HurtinMinorKey said:


> LetTheRightLensIn said:
> 
> 
> > Lee Jay said:
> ...



Well, that's probably me. I stopped going to the movies years ago and prefer to watch them at home on my CRT TV. You know why? The audio quality at most theaters is horrible, and that annoys me far more than a small, low resolution screen. The audio quality I have at home is far superior to that at most theaters.


----------



## Otara (Sep 19, 2014)

The 7D II is similar to the 7D in that it has 2 Digic processors, which delayed magic lantern work on it for some time, and has caused ongoing problems with its development.
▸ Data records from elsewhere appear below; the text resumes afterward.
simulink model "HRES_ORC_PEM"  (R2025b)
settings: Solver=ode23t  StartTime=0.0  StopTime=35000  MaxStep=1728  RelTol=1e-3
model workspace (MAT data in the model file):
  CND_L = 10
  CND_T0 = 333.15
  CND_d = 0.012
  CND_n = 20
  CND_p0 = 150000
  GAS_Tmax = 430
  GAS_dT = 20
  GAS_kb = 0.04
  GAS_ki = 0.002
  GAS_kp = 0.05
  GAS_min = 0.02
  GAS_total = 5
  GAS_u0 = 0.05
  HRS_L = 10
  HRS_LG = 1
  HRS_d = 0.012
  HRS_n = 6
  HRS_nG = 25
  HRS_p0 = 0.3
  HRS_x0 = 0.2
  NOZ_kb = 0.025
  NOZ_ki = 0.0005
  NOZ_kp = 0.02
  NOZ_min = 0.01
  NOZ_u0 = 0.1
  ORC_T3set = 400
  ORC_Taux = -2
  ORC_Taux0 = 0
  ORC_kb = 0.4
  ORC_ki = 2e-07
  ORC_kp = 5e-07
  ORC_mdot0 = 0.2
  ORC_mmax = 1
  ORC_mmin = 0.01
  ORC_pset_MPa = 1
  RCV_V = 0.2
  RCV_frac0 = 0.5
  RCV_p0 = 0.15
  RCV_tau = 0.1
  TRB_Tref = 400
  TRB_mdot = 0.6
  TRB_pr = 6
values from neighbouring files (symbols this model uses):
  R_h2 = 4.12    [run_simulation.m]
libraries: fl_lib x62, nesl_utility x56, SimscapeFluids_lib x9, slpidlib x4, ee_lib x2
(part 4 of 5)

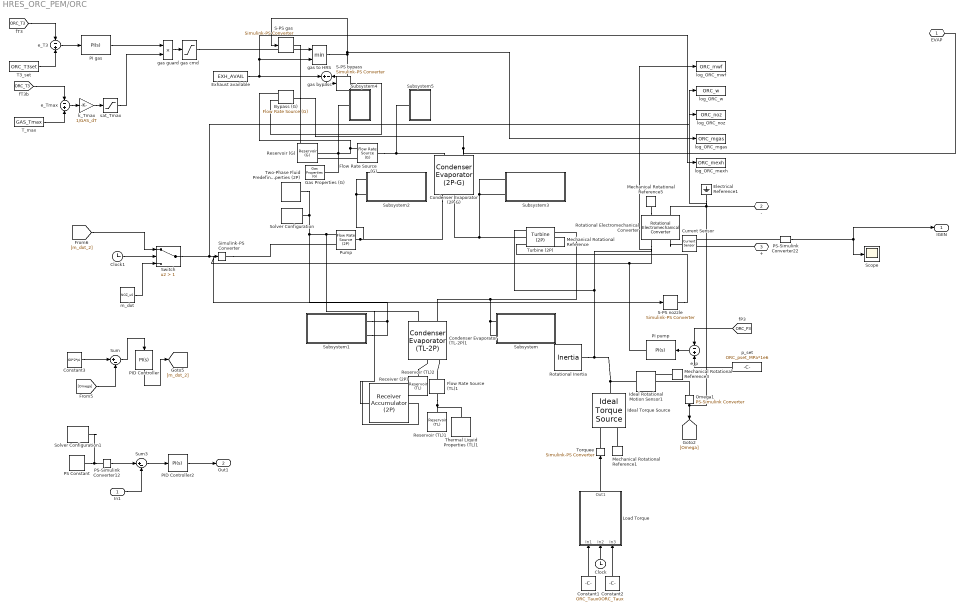
== system HRES_ORC_PEM/ORC ==
  In1 : Inport
  Bypass (G) : fl_lib/Gas/Sources/Flow Rate Source (G)  source_type=foundation.enum.constant_controlled.controlled  flow_type=foundation.enum.mass_volumetric_flow.mass  mass_flow=0 kg/s  volumetric_flow=0 m^3/s  volumetric_flow_conditions=foundation.enum.volumetric_flow_conditions.actual  p_std=0.101325 MPa  T_std=20 degC  power_spec=foundation.enum.power_spec.isentropic  area_A=0.01 m^2  area_B=0.01 m^2
      settings: InternalSimscapePortConfiguration="{\"Bottom\":[],\"Left\":[{\"id\":\"A\",\"label\":\"A\",\"type\":\"foundation.gas.gas\"},{\"id\":\"M\",\"label\":\"M\",\"type\":\"input\"}],\"Right\":[{\"id\":\"B\",\"label\":\"B\",\"type\":\"foundation.gas.gas\"}],\"Top\":[]}"
  Clock : Clock
  Clock1 : Clock
  Condenser Evaporator (2P-G) : SimscapeFluids_lib/Heat Exchangers/Two-Phase Fluid - Gas/Condenser Evaporator (2P-G)  flow_arrangement=fluids.heat_exchangers.enum.FlowArrangement2PG.Parallel  cross_flow_arrangement=fluids.heat_exchangers.enum.CrossFlowArrangement2PG.UnmixedUnmixed  R_wall=0 K/kW  wall_thermal_mass=false  mass_wall=1 kg  cp_wall=490 J/(K*kg)  area_A1=0.01 m^2  area_B1=0.01 m^2  area_A2=0.01 m^2  area_B2=0.01 m^2  tube_num_2P=HRS_n  tube_length_2P=HRS_L m  tube_cross_section_2P=fluids.heat_exchangers.enum.TubeCrossSection.Circular  tube_diameter_2P=HRS_d m  tube_width_2P=0.05 m  tube_height_2P=0.05 m  tube_inner_diameter_2P=0.05 m  tube_outer_diameter_2P=0.1 m  tube_flow_area_2P=0.002 m^2  tube_wetted_perimeter_2P=0.15 m  tube_heat_perimeter_2P=0.15 m  tube_pressure_loss_spec_2P=fluids.heat_exchangers.enum.TubePressureLossSpec2P.Haaland  tube_loss_coeff_2P=10  tube_local_pressure_loss_spec_2P=fluids.heat_exchangers.enum.LocalLossSpec.AggregateLength  tube_length_add_2P=0.1 m  tube_local_loss_coefficient_2P=0.1  tube_roughness_pressure_2P=15e-6 m  tube_Re_lam_pressure_2P=2000  tube_Re_tur_pressure_2P=4000  tube_shape_factor_generic_2P=64  tube_heat_coeff_spec_2P=fluids.heat_exchangers.enum.TubeHeatCoeffSpec2P.GneilinskiCavalliniZecchin  tube_colburn_coeff_liq_2P=[.023, .8, .33]  tube_colburn_coeff_mix_2P=[.05, .8, .33]  tube_colburn_coeff_vap_2P=[.023, .8, .33]  tube_roughness_heat_2P=15e-6 m  tube_Re_lam_heat_2P=2000  tube_Re_tur_heat_2P=4000  tube_Nu_lam_generic_2P=3.66  fouling_factor_2P=0.1 K*m^2/kW  fin_area_2P=0 m^2  fin_efficiency_2P=0.5  energy_spec_2P=foundation.enum.energy_spec.quality  p_init_2P=HRS_p0 MPa  T_init_2P=293.15 K  x_init_2P=HRS_x0  alpha_init_2P=0.5  h_init_2P=1500 kJ/kg  u_init_2P=1500 kJ/kg  flow_geometry_G=fluids.heat_exchangers.enum.FlowGeometryG.InsideTubes  tube_num_G=HRS_nG  tube_length_G=HRS_LG m  tube_cross_section_G=fluids.heat_exchangers.enum.TubeCrossSection.Circular  tube_diameter_G=0.05 m  tube_width_G=0.05 m  tube_height_G=0.05 m  tube_inner_diameter_G=0.05 m  tube_outer_diameter_G=0.1 m  tube_flow_area_G=0.002 m^2  tube_wetted_perimeter_G=0.15 m  tube_heat_perimeter_G=0.15 m  tube_pressure_loss_spec_G=fluids.heat_exchangers.enum.TubePressureLossSpec.Haaland  tube_loss_coeff_G=10  tube_local_pressure_loss_spec_G=fluids.heat_exchangers.enum.LocalLossSpec.AggregateLength  tube_length_add_G=0.1 m  tube_local_loss_coefficient_G=0.1  tube_roughness_pressure_G=15e-6 m  tube_Re_lam_pressure_G=2000  tube_Re_tur_pressure_G=4000  tube_shape_factor_generic_G=64  tube_heat_coeff_spec_G=fluids.heat_exchangers.enum.TubeHeatCoeffSpec.Gneilinski  tube_colburn_coeff_G=[.023, .8, .33]  tube_roughness_heat_G=15e-6 m  tube_Re_lam_heat_G=2000  tube_Re_tur_heat_G=4000  tube_Nu_lam_generic_G=3.66  bank_arrangement_G=fluids.heat_exchangers.enum.BankArrangement.Inline  bank_num_rows_G=5  bank_tubes_per_row_G=5  bank_width_G=1 m  bank_tube_diameter_G=0.05 m  bank_longitudinal_pitch_G=0.15 m  bank_transverse_pitch_G=0.15 m  bank_pressure_loss_spec_G=fluids.heat_exchangers.enum.BankPressureLossSpec.Martin  bank_euler_G=10  bank_heat_coeff_spec_G=fluids.heat_exchangers.enum.BankHeatCoeffSpec.Martin  bank_colburn_coeff_G=[.27, .63, .36]  generic_flow_area_G=0.01 m^2  generic_heat_area_G=2 m^2  generic_volume_G=0.05 m^3  generic_loss_coeff_G=10  generic_colburn_coeff_G=[.023, .8, .33]  fouling_factor_G=0.1 K*m^2/kW  fin_area_G=0 m^2  fin_efficiency_G=0.5  p_init_G=0.101325 MPa  T_init_G=453 K
      settings: InternalSimscapePortConfiguration="{\"Bottom\":[],\"Left\":[{\"id\":\"A1\",\"label\":\"A1\",\"type\":\"foundation.two_phase_fluid.two_phase_fluid\"},{\"id\":\"B1\",\"label\":\"B1\",\"type\":\"foundation.two_phase_fluid.two_phase_fluid\"}],\"Right\":[{\"id\":\"A2\",\"label\":\"A2\",\"type\":\"foundation.gas.gas\"},{\"id\":\"B2\",\"label\":\"B2\",\"type\":\"foundation.gas.gas\"}],\"Top\":[{\"id\":\"Z\",\"label\":\"Z\",\"type\":\"output\"}]}"
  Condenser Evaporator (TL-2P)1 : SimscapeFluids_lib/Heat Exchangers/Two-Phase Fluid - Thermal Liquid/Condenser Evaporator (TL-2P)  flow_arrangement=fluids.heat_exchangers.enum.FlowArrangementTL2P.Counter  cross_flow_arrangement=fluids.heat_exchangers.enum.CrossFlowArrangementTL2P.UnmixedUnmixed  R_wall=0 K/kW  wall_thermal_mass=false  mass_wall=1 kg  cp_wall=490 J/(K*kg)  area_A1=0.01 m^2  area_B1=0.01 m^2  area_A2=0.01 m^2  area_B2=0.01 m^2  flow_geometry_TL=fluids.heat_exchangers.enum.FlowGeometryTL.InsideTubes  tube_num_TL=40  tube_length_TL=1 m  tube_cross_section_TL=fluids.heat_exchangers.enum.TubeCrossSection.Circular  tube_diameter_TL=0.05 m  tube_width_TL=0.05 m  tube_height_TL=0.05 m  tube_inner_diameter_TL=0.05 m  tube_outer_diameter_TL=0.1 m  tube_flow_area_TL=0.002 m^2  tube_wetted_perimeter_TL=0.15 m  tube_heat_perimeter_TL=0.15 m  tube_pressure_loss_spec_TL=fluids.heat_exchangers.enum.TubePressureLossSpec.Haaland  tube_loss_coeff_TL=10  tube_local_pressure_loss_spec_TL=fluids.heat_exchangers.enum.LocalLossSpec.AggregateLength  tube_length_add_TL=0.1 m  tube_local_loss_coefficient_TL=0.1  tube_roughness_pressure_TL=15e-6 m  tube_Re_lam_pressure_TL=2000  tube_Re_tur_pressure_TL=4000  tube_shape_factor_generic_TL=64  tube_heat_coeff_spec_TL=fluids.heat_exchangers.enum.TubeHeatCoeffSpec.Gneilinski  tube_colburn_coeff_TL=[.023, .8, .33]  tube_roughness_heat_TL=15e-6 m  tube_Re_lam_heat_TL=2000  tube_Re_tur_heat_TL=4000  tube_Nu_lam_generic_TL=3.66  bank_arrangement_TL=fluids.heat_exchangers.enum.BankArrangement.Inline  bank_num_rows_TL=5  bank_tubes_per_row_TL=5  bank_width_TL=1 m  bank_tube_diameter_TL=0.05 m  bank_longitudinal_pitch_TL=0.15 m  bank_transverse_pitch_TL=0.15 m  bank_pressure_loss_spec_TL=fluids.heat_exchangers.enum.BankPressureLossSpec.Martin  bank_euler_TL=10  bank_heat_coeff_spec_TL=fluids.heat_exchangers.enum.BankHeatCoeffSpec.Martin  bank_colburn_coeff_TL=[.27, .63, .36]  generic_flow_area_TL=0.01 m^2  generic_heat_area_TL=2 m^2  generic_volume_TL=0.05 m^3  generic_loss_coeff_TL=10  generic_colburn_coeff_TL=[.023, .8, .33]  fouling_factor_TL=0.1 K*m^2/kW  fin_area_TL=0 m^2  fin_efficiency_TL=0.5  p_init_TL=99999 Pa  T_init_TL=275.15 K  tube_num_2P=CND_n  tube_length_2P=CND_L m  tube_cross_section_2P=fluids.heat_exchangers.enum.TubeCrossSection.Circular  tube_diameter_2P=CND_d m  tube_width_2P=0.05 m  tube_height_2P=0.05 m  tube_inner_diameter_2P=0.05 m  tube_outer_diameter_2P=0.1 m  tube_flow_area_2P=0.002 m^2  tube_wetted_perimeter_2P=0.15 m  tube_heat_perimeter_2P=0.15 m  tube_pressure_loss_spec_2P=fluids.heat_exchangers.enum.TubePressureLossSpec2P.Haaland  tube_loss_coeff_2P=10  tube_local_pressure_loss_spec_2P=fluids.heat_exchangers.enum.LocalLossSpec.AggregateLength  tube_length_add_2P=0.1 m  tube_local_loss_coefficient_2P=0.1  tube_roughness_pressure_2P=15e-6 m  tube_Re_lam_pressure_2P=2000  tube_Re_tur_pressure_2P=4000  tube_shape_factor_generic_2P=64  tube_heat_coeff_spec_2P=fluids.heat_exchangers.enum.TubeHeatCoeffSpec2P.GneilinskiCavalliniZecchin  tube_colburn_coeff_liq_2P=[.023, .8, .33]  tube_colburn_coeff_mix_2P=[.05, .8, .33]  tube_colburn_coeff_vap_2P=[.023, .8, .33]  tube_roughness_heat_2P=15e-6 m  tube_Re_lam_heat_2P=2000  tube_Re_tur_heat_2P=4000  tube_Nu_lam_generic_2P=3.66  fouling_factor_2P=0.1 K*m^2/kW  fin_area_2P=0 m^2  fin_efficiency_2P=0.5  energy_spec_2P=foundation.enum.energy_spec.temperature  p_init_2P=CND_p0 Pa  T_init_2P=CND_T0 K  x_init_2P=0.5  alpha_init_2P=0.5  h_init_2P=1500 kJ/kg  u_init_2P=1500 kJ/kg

I wouldnt put too much hope on that being the answer at this stage, particularly given most work tends to be focussed on the 5D series anyway.


----------



## sjschall (Sep 19, 2014)

Ebrahim Saadawi said:


> ...
> -First APS-C Canon without moire and aliasing, and with great low light performance, I really like that. The camera is also very nice in the audio features (headphone jack, ability to silently change levels whilst recording), Dual pixel AF with speed/sensitivity adjustment, 1080 slow motion, lack of distortion when using Canon lenses, Etc
> ...



I agree with this sentiment. Everyone keeps hating on the video features but this is huge. I love my Mark III for its lack of moire and headphone jack, now I can get that in a crop body. I know I know, GH4 this and A7s that, but for me it's about the package. I don't want to dink around with speed boosters, m4/3 lenses, and giving up Canon glass. I think the 5D III and 7D II are and will be killer video machines for a large range of shooters.


----------



## talicoa (Sep 19, 2014)

I'm not in the market right now for another body, but I wouldn't be scared off by this level of image quality. It will be fine. But then I like a shallower depth of field and sometimes you don't want things too sharp(People). The reality is that my post production workflow can't really handle 4K so I wouldn't miss it. 
Magic lantern RAW is also not an option I would be waiting for. I shot one video that was about 3 minutes long. It turned into 40GB of files that, I could work magic on, but everything was so slow, it took me two days to process everything. 
It was mentioned before that using 4K would be a benefit for image stabilization. Yes and no. Maybe it would be better for people who shoot at fast shutter speeds. I try to shoot at 1/50th for my 24FPS look. If you jack that up to high you get a weird feel to it. If you do shoot at 1/50th and there is a lot of motion that needs to be stabilized, you won't really have a useable stabilized photo either. You get too much blur from the fact that the shutter speed is so slow.


----------



## Etienne (Sep 19, 2014)

sjschall said:


> Ebrahim Saadawi said:
> 
> 
> > ...
> ...



The 7DII doesn't add enough to what the 5DIII already does. For that reason, I would go for the A7s with adapters. The A7s adds amazing low light video, focus aids, 4K with recorder, and it's also a small light body when needed. So for video a 5DIII / A7s combo is better than 5DIII / 7DII, IMO


----------



## aclectasis (Sep 19, 2014)

Rowbear said:


> SoullessPolack said:
> 
> 
> > What exactly are we supposed to see here? Or want to see? They all seem pretty identical, the only clue telling otherwise is the slight changes in perspective when switching out cameras. Is there something missing that a "videographer's camera" would have?
> ...


Are you guys for real? The noise performance was a joke compared to the 5d III. Not that I guess we should have expected it to be BETTER, but eh. Also, the 7d seemed less sharp on the bottlecaps but for some reason it seems like focus error more than the camera.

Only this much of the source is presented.